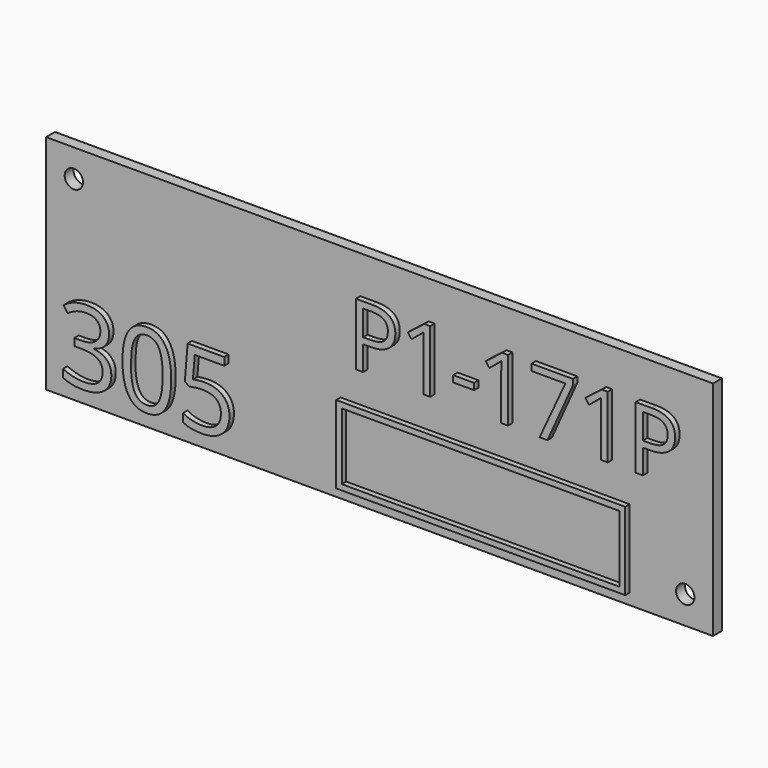
from build123d import *

# Parameters (mm, degrees)
F0_W         = 120
F0_H         = 40
F1_DEPTH     = 2
F3_D         = 3.3
F4_TEXT_SIZE = 15.681149951
F5_DEPTH     = 1
F6_TEXT_SIZE = 18.5776487663
F7_DEPTH     = 1
F8_W         = 52
F8_H         = 14
F8_W_2       = 49.99999962
F8_H_2       = 11.99999962
F9_DEPTH     = 1


# Not quite as in the source:
# - Text() gives the source's letters only with a copy of the font that has no kerning and outlines rounded to 1/6400 em; it was checked with that copy


with BuildPart() as f1:
    # F0 (on Front) → F1 (new body)
    with BuildSketch(Plane.XZ):
        Rectangle(F0_W, F0_H)
    extrude(amount=F1_DEPTH)

    # F3 (through all)
    with Locations(Plane.XZ.offset(2)):
        with Locations((-55, 15), (55, -15)):
            Hole(F3_D / 2)

    # F4 (on face) → F5 (join)
    with BuildSketch(Plane.XZ.offset(2)):
        with Locations((-5, 2)):
            Text('P1-171P', F4_TEXT_SIZE, font='Open Sans', text_align=(TextAlign.LEFT, TextAlign.BOTTOM))
    extrude(amount=F5_DEPTH)

    # F6 (on face) → F7 (join)
    with BuildSketch(Plane.XZ.offset(2)):
        with Locations((-57, -17)):
            Text('305', F6_TEXT_SIZE, font='Open Sans', text_align=(TextAlign.LEFT, TextAlign.BOTTOM))
    extrude(amount=F7_DEPTH)

    # F8 (on face) → F9 (join)
    with BuildSketch(Plane.XZ.offset(2)):
        with Locations((19, -11)):
            Rectangle(F8_W, F8_H)
        with Locations((19, -11)):
            Rectangle(F8_W_2, F8_H_2, mode=Mode.SUBTRACT)
    extrude(amount=F9_DEPTH)


solid = f1.part

▶ TASK TO CARRY OUT: Extract exactly the lines between the line containing "# F0 (on Front) → F1 (new body)" and the end of the data, including both.

▶ SOLUTION:
    # F0 (on Front) → F1 (new body)
    with BuildSketch(Plane.XZ):
        Rectangle(F0_W, F0_H)
    extrude(amount=F1_DEPTH)

    # F3 (through all)
    with Locations(Plane.XZ.offset(2)):
        with Locations((-55, 15), (55, -15)):
            Hole(F3_D / 2)

    # F4 (on face) → F5 (join)
    with BuildSketch(Plane.XZ.offset(2)):
        with Locations((-5, 2)):
            Text('P1-171P', F4_TEXT_SIZE, font='Open Sans', text_align=(TextAlign.LEFT, TextAlign.BOTTOM))
    extrude(amount=F5_DEPTH)

    # F6 (on face) → F7 (join)
    with BuildSketch(Plane.XZ.offset(2)):
        with Locations((-57, -17)):
            Text('305', F6_TEXT_SIZE, font='Open Sans', text_align=(TextAlign.LEFT, TextAlign.BOTTOM))
    extrude(amount=F7_DEPTH)

    # F8 (on face) → F9 (join)
    with BuildSketch(Plane.XZ.offset(2)):
        with Locations((19, -11)):
            Rectangle(F8_W, F8_H)
        with Locations((19, -11)):
            Rectangle(F8_W_2, F8_H_2, mode=Mode.SUBTRACT)
    extrude(amount=F9_DEPTH)


solid = f1.part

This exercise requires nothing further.